Selecting Health Workers,
Instructors, and Advisers
2CHAPTER
2-1
WHO MAKE THE BEST HEALTH WORKERS?
SHOULD HEALTH WORKERS BE FROM THE VILLAGE OR
COMMUNITY WHERE THEY WORK?
Many health programs, large and small, agree that it is important for health workers
to be selected from the communities where they will work. But their reasons differ:
TWO EXPLANATIONS FOR WHY IT IS BETTER THAT HEALTH
WORKERS BE FROM THE COMMUNITIES WHERE THEY WORK
The ‘expert’ with little
community experience:
Persons living and working
in the community:
Theory has it that community health
work is easier for the local person than for
an outsider, because people know and trust
him. And he knows the community.
Experience shows that at first it is often
harder for the local person. But in time,
health workers from the community can do
more to help build people’s self-confidence
and self-reliance.
There is an old saying: No one is a prophet in his own land. A villager complains,
“What does Mary, the health worker, know? I remember her as a skinny little girl!”

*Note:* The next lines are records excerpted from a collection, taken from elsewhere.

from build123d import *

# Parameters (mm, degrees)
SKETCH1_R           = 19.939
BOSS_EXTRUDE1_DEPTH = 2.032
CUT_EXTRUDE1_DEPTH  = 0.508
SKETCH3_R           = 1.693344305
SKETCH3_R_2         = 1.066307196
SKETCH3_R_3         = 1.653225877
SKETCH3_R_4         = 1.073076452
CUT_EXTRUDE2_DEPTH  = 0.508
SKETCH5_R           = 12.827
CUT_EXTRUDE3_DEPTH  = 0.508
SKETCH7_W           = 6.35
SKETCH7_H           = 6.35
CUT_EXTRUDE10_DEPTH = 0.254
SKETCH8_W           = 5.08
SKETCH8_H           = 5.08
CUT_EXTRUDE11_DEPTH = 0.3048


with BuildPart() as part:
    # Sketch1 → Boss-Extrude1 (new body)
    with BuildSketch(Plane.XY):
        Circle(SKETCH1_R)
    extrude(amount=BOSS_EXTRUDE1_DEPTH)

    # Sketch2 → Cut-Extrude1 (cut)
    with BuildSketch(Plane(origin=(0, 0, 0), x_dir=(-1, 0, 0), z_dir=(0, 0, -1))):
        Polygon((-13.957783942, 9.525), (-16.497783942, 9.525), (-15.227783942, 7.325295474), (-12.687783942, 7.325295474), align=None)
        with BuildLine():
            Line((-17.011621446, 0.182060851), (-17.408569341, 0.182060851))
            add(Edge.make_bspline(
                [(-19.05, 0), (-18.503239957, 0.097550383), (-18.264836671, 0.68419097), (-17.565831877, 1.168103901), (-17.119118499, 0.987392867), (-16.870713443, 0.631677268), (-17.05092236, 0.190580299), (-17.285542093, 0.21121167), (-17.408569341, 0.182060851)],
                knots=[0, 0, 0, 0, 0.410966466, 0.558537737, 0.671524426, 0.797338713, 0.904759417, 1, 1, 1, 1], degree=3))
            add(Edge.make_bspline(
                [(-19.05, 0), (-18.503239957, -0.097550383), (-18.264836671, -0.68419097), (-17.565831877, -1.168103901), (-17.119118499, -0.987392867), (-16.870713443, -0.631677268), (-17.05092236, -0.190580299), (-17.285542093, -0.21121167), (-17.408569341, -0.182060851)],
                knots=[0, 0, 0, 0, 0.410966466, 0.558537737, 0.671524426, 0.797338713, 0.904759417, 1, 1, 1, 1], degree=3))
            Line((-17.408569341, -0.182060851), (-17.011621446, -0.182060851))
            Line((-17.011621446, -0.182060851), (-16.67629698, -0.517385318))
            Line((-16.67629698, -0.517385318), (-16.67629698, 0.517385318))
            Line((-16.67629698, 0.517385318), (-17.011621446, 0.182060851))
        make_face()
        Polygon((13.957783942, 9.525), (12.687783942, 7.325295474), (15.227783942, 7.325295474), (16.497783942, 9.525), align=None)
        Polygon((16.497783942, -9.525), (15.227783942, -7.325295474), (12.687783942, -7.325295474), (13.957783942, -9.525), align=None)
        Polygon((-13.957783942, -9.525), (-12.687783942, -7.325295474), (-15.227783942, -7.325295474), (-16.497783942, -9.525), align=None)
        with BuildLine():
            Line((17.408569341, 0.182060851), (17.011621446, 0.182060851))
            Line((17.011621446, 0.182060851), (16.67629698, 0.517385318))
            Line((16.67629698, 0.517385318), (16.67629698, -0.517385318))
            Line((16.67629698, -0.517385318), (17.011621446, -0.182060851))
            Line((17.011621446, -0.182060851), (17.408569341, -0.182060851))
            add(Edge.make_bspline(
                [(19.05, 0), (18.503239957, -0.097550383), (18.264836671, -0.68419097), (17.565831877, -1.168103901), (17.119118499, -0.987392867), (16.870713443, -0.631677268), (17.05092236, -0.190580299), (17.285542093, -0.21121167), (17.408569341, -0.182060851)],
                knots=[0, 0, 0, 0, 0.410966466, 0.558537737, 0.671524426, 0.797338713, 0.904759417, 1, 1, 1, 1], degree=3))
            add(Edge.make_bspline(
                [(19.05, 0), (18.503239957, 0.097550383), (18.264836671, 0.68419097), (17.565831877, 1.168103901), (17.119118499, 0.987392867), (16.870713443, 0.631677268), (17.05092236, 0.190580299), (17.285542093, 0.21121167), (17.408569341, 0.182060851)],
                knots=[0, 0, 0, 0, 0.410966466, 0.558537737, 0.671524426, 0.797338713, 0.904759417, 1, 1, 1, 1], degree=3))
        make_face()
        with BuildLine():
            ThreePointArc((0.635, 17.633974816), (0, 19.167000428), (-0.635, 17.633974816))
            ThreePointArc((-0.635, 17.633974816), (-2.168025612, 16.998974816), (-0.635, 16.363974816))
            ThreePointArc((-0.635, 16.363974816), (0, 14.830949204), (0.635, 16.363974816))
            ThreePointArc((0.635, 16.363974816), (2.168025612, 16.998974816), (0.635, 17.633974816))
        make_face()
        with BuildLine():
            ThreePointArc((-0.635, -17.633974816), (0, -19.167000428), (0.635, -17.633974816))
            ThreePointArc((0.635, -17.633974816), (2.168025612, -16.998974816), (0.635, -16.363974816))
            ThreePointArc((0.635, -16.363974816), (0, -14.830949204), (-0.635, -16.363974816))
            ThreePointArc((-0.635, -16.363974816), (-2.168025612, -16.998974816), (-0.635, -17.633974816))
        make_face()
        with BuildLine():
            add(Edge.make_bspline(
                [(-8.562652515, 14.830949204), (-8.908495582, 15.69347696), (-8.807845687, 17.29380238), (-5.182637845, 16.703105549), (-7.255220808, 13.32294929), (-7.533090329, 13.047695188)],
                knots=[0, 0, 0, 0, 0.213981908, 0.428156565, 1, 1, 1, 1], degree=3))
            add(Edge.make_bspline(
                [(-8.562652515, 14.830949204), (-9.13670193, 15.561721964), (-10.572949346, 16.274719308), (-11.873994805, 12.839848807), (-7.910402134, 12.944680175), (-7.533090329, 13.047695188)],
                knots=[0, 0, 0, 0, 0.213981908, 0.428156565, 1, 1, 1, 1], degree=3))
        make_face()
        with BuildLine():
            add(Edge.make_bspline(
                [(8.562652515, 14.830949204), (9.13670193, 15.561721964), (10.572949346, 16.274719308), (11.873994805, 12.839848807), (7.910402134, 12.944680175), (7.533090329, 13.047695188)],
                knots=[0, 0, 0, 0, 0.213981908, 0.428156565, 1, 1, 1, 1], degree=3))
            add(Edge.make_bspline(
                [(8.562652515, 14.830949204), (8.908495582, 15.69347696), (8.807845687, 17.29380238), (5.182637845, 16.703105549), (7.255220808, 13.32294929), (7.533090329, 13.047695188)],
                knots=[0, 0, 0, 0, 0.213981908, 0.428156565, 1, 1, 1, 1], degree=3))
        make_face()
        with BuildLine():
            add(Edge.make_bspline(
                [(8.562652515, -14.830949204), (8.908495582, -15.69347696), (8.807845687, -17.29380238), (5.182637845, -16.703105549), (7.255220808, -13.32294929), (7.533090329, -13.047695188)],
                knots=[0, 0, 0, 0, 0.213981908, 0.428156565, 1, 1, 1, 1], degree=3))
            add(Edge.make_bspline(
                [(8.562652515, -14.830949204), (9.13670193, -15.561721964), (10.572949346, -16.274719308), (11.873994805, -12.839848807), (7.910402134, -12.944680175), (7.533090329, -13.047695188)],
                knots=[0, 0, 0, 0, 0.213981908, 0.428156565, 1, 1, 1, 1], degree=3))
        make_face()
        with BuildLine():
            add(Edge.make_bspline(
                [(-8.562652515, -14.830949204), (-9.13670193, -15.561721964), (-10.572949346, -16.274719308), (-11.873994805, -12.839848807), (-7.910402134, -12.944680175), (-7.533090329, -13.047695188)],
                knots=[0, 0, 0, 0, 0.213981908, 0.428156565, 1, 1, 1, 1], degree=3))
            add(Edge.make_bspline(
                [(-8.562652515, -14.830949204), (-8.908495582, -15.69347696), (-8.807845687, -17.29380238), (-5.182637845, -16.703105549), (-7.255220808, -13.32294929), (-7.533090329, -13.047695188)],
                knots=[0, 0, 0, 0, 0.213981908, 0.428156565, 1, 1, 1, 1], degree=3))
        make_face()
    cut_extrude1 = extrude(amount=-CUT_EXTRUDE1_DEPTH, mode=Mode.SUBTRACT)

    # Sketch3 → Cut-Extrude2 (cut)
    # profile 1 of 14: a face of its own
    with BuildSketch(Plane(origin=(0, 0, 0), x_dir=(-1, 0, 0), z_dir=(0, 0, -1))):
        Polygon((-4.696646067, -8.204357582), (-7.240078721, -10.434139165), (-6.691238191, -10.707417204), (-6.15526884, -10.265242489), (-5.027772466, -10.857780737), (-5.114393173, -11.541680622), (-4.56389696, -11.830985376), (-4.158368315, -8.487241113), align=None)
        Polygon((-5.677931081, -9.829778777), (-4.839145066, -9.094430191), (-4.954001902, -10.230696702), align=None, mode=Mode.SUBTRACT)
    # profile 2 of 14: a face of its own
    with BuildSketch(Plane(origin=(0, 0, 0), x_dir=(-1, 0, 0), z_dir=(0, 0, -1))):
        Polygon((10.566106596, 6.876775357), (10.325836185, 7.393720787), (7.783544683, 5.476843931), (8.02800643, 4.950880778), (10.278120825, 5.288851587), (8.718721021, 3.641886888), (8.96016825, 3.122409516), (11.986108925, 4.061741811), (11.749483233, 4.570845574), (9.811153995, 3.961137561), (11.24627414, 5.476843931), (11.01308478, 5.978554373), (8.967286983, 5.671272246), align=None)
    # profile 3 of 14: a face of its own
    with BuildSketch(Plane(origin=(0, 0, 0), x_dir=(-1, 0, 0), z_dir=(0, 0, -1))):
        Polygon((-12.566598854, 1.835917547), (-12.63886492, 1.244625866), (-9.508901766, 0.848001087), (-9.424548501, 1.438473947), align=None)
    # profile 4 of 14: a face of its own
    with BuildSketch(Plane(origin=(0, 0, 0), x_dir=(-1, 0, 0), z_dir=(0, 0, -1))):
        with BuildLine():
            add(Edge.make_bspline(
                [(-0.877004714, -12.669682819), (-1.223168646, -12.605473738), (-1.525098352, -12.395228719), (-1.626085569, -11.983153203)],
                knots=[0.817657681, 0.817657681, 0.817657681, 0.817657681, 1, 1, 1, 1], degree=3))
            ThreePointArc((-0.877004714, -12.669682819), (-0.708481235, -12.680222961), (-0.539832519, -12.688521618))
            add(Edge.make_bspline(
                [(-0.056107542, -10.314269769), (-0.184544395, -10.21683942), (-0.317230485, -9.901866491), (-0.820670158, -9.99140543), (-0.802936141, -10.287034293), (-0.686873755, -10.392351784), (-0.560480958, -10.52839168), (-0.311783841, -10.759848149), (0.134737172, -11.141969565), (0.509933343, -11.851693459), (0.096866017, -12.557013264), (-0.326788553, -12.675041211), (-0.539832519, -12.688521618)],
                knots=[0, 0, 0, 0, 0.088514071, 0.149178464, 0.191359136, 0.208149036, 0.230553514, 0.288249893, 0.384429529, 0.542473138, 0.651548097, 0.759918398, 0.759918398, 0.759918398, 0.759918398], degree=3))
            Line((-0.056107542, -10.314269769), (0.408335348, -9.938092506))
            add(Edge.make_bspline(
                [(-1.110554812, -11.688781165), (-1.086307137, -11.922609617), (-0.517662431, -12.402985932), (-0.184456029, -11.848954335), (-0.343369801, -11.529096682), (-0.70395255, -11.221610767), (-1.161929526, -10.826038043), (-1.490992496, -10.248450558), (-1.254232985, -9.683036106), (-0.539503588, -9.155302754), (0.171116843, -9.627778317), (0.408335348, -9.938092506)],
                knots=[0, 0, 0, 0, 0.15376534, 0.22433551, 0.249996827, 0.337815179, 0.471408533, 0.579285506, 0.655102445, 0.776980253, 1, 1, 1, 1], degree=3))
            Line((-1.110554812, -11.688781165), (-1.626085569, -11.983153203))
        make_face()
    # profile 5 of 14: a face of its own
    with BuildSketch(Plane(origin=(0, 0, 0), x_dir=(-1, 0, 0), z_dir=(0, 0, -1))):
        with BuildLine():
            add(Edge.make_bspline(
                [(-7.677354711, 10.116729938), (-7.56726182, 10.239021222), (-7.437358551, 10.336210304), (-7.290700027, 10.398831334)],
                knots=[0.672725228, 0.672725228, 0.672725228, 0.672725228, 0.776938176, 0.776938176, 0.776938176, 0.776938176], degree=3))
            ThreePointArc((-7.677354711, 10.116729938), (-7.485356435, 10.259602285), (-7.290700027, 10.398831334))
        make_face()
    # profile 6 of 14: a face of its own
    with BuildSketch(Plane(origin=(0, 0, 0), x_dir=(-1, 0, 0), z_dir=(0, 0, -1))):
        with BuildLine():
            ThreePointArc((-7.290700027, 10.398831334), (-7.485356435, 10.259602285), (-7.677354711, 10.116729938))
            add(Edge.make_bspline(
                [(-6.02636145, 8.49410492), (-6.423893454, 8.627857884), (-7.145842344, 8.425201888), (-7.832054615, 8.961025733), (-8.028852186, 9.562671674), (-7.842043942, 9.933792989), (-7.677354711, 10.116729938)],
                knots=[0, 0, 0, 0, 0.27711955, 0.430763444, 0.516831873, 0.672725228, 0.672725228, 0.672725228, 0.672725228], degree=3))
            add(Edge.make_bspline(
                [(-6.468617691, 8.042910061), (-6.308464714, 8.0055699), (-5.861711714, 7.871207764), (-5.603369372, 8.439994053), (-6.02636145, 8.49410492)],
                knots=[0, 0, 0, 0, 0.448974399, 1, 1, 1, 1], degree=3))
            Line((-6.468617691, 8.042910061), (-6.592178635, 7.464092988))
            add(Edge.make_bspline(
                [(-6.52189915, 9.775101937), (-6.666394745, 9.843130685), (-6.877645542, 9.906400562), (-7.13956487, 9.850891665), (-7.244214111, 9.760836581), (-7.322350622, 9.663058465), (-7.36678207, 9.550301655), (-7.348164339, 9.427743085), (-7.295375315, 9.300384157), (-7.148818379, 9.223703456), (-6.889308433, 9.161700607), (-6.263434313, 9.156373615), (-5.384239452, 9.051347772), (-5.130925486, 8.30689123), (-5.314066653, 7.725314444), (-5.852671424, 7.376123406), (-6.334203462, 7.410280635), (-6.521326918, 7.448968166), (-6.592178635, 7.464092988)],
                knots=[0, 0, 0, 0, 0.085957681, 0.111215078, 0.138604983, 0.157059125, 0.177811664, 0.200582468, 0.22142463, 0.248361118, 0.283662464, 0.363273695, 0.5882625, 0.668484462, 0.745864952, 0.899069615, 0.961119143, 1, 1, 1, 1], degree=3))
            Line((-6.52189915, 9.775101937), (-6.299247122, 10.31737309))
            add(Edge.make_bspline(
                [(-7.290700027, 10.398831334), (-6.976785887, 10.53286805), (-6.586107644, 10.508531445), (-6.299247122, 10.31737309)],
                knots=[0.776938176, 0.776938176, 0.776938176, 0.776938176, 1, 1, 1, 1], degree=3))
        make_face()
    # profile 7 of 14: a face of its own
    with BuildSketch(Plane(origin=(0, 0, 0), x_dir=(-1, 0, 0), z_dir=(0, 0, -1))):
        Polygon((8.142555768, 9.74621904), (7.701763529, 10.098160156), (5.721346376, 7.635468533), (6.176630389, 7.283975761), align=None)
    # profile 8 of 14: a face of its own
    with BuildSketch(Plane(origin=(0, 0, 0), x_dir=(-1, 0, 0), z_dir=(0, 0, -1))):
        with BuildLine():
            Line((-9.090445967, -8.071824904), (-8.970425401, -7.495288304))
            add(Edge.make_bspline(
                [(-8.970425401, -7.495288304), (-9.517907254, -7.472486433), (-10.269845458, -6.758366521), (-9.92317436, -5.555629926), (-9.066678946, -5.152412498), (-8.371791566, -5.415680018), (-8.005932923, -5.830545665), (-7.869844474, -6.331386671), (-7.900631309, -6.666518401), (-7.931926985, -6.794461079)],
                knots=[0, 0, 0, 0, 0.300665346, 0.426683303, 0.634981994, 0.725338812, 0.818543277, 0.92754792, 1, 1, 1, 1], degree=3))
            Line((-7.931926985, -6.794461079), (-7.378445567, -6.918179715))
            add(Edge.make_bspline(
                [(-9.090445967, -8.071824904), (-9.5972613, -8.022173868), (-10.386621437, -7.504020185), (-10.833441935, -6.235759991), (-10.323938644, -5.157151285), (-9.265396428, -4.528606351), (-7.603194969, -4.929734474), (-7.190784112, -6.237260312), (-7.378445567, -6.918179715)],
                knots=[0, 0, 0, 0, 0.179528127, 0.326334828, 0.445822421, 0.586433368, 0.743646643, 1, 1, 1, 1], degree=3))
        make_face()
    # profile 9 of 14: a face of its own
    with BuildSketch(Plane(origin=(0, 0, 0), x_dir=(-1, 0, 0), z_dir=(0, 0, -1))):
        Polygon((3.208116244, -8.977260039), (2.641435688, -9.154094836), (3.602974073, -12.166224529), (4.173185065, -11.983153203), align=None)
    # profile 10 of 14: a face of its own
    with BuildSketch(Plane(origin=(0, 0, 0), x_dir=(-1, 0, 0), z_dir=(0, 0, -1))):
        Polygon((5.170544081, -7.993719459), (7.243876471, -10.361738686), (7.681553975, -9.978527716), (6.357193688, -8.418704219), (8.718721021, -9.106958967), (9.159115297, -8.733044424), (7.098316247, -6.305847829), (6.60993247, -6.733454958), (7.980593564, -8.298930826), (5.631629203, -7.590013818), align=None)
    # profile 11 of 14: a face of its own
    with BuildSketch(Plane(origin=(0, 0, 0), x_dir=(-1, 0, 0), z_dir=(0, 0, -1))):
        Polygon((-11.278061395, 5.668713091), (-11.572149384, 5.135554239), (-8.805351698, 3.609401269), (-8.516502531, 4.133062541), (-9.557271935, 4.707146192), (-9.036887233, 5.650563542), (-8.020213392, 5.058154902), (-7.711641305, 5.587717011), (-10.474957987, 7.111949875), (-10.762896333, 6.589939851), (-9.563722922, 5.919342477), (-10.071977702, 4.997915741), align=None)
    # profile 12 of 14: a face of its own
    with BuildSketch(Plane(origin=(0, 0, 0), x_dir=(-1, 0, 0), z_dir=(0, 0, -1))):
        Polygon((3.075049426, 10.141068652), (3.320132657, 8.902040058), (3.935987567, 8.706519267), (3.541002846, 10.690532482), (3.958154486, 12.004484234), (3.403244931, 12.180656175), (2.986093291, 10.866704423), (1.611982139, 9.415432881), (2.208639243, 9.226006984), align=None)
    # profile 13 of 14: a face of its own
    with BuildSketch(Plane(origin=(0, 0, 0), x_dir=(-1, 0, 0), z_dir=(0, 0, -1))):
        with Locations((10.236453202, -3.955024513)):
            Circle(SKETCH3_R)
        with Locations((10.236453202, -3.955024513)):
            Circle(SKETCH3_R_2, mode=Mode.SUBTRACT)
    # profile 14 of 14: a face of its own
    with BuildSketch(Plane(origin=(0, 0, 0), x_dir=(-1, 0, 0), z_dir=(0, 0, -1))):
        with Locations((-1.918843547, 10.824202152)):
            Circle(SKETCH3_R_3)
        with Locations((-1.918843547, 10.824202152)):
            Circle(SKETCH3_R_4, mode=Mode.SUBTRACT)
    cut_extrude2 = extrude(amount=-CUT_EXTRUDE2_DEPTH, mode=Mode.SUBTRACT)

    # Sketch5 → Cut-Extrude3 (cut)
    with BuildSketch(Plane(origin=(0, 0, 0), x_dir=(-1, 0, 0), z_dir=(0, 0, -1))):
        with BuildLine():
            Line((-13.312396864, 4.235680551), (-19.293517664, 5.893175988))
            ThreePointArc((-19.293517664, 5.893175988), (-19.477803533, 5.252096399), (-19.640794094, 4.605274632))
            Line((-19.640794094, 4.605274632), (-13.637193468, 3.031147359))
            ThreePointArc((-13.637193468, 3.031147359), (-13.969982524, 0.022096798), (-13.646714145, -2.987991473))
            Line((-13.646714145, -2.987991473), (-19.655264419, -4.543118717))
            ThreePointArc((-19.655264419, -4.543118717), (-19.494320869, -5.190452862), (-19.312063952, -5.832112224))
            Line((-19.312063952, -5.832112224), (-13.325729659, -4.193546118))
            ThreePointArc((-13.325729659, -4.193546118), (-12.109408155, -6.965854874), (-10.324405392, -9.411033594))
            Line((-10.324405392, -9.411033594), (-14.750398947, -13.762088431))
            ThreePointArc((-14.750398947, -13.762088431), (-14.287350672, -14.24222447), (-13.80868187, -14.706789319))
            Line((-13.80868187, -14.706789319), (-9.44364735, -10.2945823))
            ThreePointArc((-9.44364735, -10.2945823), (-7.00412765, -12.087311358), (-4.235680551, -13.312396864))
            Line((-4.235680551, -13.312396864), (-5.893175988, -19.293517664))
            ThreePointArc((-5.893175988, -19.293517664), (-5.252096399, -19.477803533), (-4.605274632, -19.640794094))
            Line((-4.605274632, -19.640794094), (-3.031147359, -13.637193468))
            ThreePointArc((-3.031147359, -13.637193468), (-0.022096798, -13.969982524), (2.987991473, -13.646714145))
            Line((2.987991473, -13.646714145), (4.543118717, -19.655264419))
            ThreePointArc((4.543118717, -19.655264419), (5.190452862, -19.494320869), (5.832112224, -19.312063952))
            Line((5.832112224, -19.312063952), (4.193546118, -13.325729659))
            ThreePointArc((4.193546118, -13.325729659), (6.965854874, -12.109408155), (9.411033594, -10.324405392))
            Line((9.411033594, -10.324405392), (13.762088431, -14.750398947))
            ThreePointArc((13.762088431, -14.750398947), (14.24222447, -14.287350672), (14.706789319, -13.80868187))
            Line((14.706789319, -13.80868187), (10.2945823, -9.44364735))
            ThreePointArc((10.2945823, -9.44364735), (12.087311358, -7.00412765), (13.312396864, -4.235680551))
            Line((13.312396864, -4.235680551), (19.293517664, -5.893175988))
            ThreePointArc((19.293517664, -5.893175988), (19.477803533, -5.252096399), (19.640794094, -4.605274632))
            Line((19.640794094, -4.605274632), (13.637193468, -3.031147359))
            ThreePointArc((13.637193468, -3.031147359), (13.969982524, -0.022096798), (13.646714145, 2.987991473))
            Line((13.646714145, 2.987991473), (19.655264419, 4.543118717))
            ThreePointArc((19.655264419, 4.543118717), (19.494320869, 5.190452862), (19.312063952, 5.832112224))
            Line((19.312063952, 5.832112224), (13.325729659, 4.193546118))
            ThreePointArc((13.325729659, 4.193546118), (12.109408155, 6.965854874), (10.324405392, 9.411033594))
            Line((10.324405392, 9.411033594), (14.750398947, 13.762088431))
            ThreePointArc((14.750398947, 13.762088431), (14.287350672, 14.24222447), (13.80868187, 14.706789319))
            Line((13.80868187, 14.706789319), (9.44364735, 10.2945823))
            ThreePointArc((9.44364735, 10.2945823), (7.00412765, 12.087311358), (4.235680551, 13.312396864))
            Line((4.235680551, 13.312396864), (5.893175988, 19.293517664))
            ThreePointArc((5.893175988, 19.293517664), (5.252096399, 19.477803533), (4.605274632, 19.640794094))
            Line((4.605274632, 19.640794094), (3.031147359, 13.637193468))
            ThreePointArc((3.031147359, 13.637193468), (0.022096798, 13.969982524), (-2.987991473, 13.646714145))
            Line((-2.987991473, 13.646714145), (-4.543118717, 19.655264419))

Such distrust in their own health worker reflects people’s lack of confidence in
themselves: “How could one of us understand new ideas or master new skills?” This
lack of self-confidence is especially great when it comes to health care. Most people
believe that modern medicine requires mysterious knowledge that only “strangers
better than ourselves” can master.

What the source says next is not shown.